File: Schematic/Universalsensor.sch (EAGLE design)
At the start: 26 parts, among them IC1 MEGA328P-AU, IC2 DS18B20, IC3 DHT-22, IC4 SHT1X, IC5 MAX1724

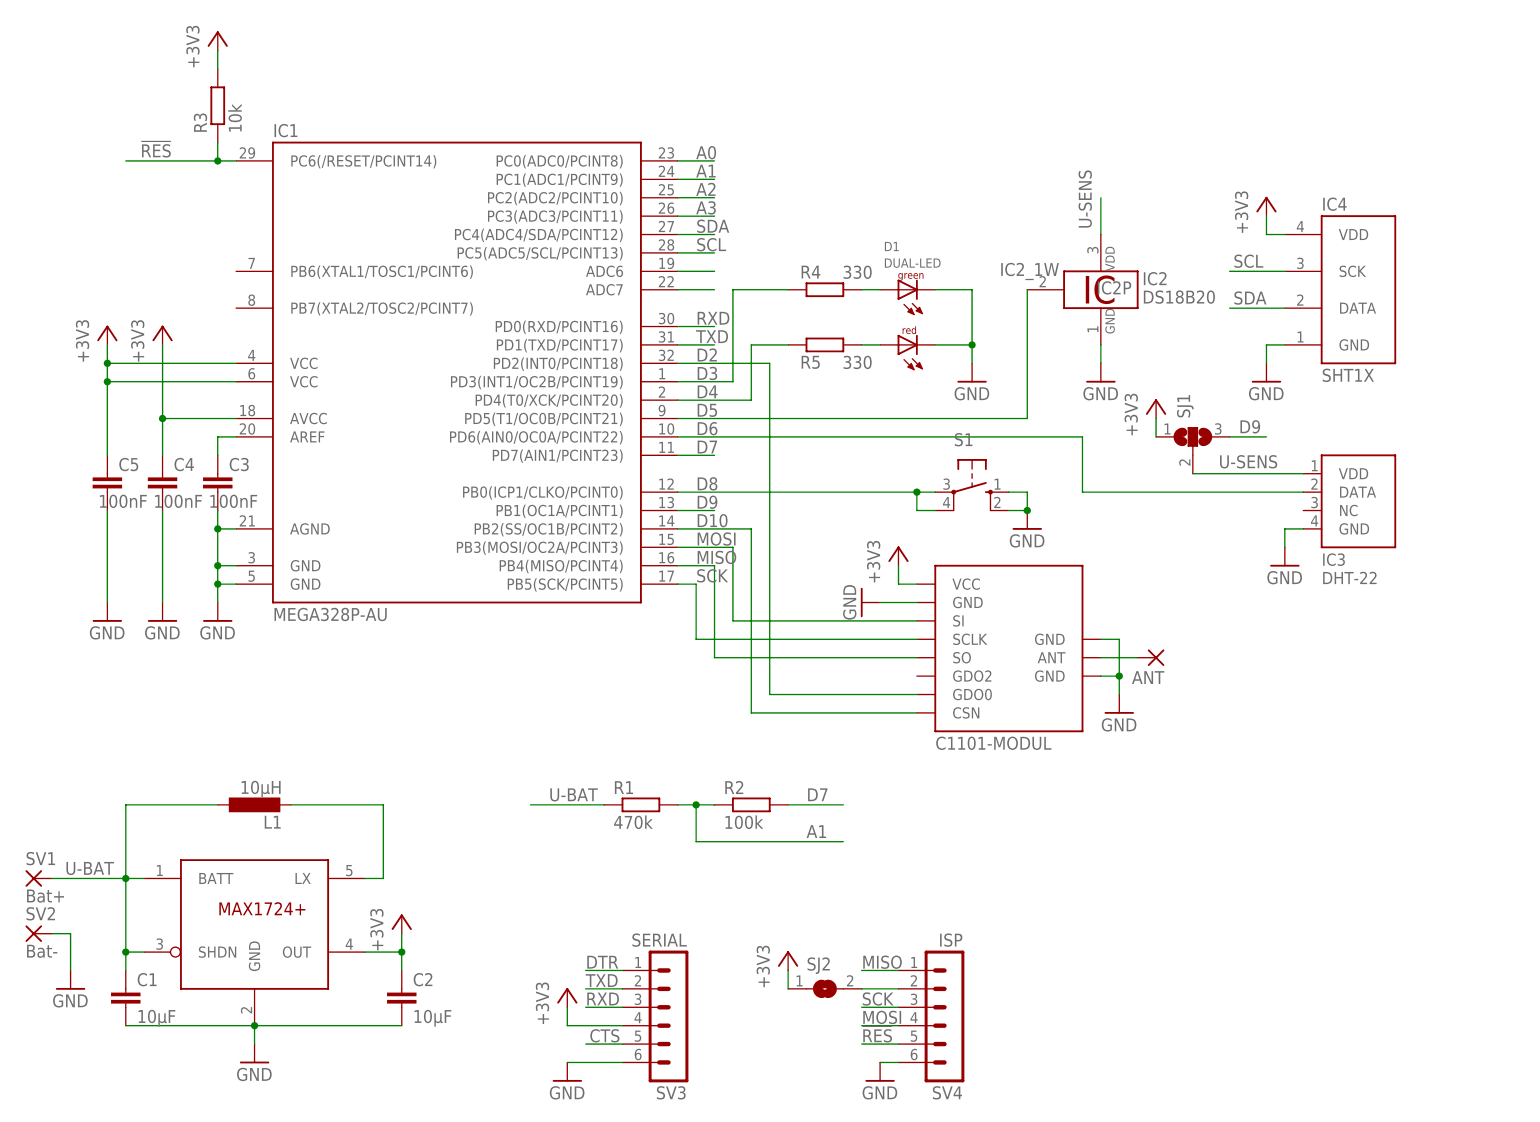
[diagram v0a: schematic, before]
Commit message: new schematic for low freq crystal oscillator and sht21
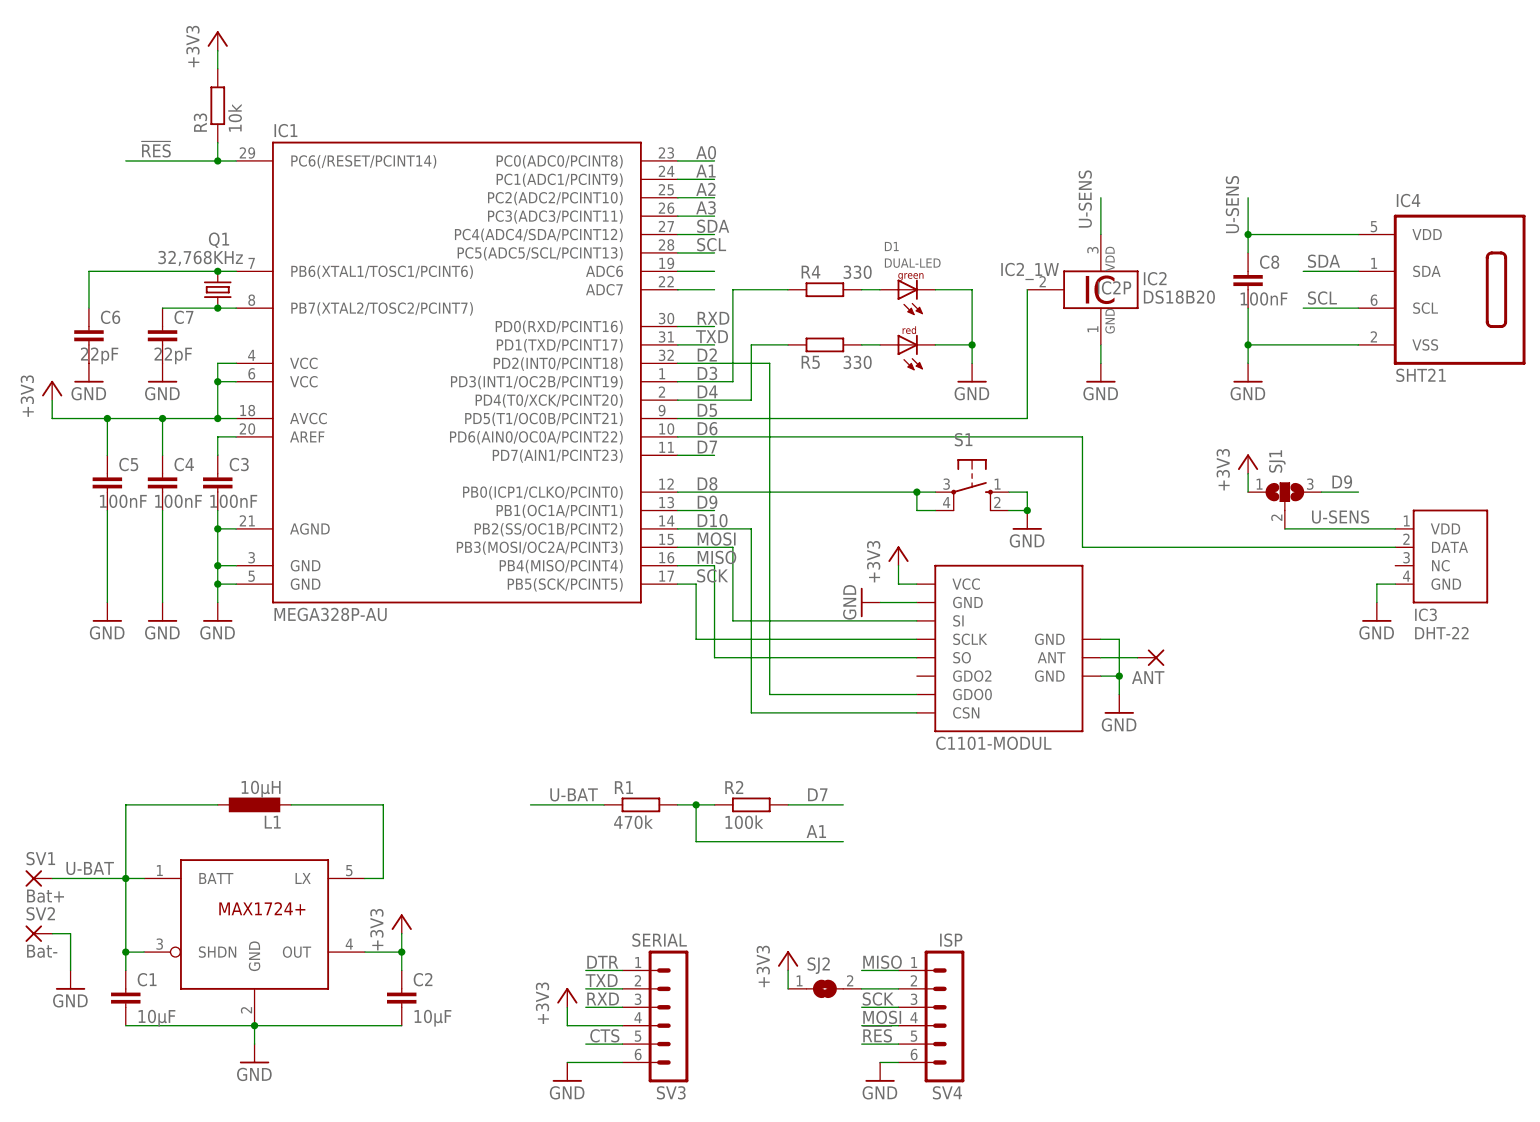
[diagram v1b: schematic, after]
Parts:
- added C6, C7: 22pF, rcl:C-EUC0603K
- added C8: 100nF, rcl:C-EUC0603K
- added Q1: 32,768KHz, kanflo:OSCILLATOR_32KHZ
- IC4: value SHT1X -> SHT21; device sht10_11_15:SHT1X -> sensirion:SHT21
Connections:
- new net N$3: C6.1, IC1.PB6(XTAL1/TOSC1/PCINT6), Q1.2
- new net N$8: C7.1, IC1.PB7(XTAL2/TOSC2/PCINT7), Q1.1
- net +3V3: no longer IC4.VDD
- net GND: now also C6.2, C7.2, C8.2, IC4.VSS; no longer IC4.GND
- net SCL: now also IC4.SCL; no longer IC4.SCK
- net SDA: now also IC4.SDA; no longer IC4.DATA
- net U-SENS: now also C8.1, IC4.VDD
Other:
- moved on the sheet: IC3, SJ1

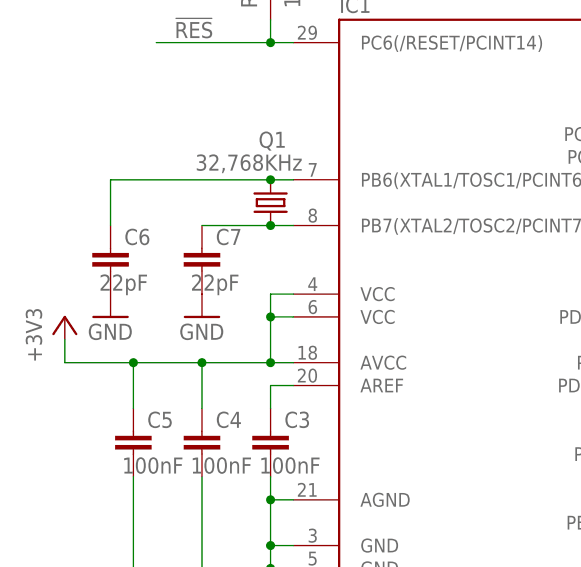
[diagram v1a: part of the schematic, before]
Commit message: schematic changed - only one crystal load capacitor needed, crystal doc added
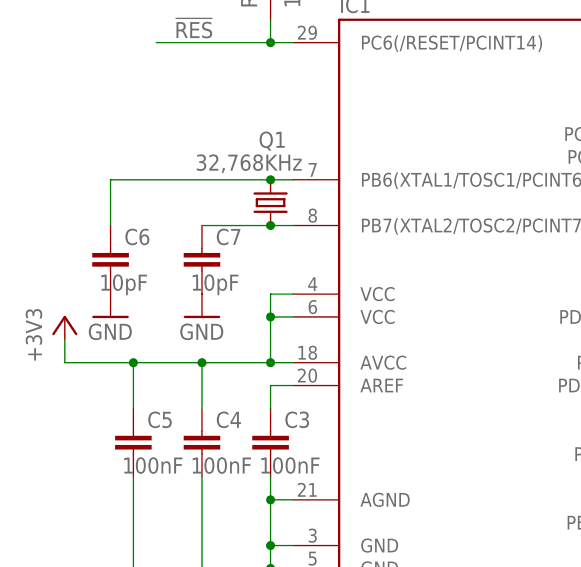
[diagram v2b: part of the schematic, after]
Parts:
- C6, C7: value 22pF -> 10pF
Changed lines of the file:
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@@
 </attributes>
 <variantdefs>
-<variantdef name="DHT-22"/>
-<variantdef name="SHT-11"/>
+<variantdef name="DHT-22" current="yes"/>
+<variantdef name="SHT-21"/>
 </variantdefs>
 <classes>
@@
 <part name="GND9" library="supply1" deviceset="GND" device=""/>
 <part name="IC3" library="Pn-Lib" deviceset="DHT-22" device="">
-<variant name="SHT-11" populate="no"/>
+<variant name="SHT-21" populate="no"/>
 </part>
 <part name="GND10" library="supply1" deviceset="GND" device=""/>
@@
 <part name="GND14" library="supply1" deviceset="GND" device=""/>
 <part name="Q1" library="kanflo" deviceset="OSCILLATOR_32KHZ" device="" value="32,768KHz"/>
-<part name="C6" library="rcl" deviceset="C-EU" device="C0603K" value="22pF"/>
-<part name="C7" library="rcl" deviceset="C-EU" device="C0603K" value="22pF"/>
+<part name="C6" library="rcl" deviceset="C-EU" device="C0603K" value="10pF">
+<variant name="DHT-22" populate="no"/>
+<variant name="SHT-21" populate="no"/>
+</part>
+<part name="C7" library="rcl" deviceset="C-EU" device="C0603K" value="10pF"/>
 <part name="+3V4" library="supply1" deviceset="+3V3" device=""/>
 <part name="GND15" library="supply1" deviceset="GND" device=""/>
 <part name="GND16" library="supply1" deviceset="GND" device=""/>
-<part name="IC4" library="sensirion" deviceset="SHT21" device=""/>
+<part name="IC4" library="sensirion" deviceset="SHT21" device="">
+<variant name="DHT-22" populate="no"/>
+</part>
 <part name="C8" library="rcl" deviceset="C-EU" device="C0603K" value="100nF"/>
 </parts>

- **TASK INSTRUCTIONS**:
The result should be every line of the data, reproduced exactly, with the images removed.

- **EXERCISE SOLUTION**:
File: Schematic/Universalsensor.sch (EAGLE design)
At the start: 26 parts, among them IC1 MEGA328P-AU, IC2 DS18B20, IC3 DHT-22, IC4 SHT1X, IC5 MAX1724

[diagram v0a: schematic, before]
Commit message: new schematic for low freq crystal oscillator and sht21
[diagram v1b: schematic, after]
Parts:
- added C6, C7: 22pF, rcl:C-EUC0603K
- added C8: 100nF, rcl:C-EUC0603K
- added Q1: 32,768KHz, kanflo:OSCILLATOR_32KHZ
- IC4: value SHT1X -> SHT21; device sht10_11_15:SHT1X -> sensirion:SHT21
Connections:
- new net N$3: C6.1, IC1.PB6(XTAL1/TOSC1/PCINT6), Q1.2
- new net N$8: C7.1, IC1.PB7(XTAL2/TOSC2/PCINT7), Q1.1
- net +3V3: no longer IC4.VDD
- net GND: now also C6.2, C7.2, C8.2, IC4.VSS; no longer IC4.GND
- net SCL: now also IC4.SCL; no longer IC4.SCK
- net SDA: now also IC4.SDA; no longer IC4.DATA
- net U-SENS: now also C8.1, IC4.VDD
Other:
- moved on the sheet: IC3, SJ1

[diagram v1a: part of the schematic, before]
Commit message: schematic changed - only one crystal load capacitor needed, crystal doc added
[diagram v2b: part of the schematic, after]
Parts:
- C6, C7: value 22pF -> 10pF
Changed lines of the file:
@@
 </attributes>
 <variantdefs>
-<variantdef name="DHT-22"/>
-<variantdef name="SHT-11"/>
+<variantdef name="DHT-22" current="yes"/>
+<variantdef name="SHT-21"/>
 </variantdefs>
 <classes>
@@
 <part name="GND9" library="supply1" deviceset="GND" device=""/>
 <part name="IC3" library="Pn-Lib" deviceset="DHT-22" device="">
-<variant name="SHT-11" populate="no"/>
+<variant name="SHT-21" populate="no"/>
 </part>
 <part name="GND10" library="supply1" deviceset="GND" device=""/>
@@
 <part name="GND14" library="supply1" deviceset="GND" device=""/>
 <part name="Q1" library="kanflo" deviceset="OSCILLATOR_32KHZ" device="" value="32,768KHz"/>
-<part name="C6" library="rcl" deviceset="C-EU" device="C0603K" value="22pF"/>
-<part name="C7" library="rcl" deviceset="C-EU" device="C0603K" value="22pF"/>
+<part name="C6" library="rcl" deviceset="C-EU" device="C0603K" value="10pF">
+<variant name="DHT-22" populate="no"/>
+<variant name="SHT-21" populate="no"/>
+</part>
+<part name="C7" library="rcl" deviceset="C-EU" device="C0603K" value="10pF"/>
 <part name="+3V4" library="supply1" deviceset="+3V3" device=""/>
 <part name="GND15" library="supply1" deviceset="GND" device=""/>
 <part name="GND16" library="supply1" deviceset="GND" device=""/>
-<part name="IC4" library="sensirion" deviceset="SHT21" device=""/>
+<part name="IC4" library="sensirion" deviceset="SHT21" device="">
+<variant name="DHT-22" populate="no"/>
+</part>
 <part name="C8" library="rcl" deviceset="C-EU" device="C0603K" value="100nF"/>
 </parts>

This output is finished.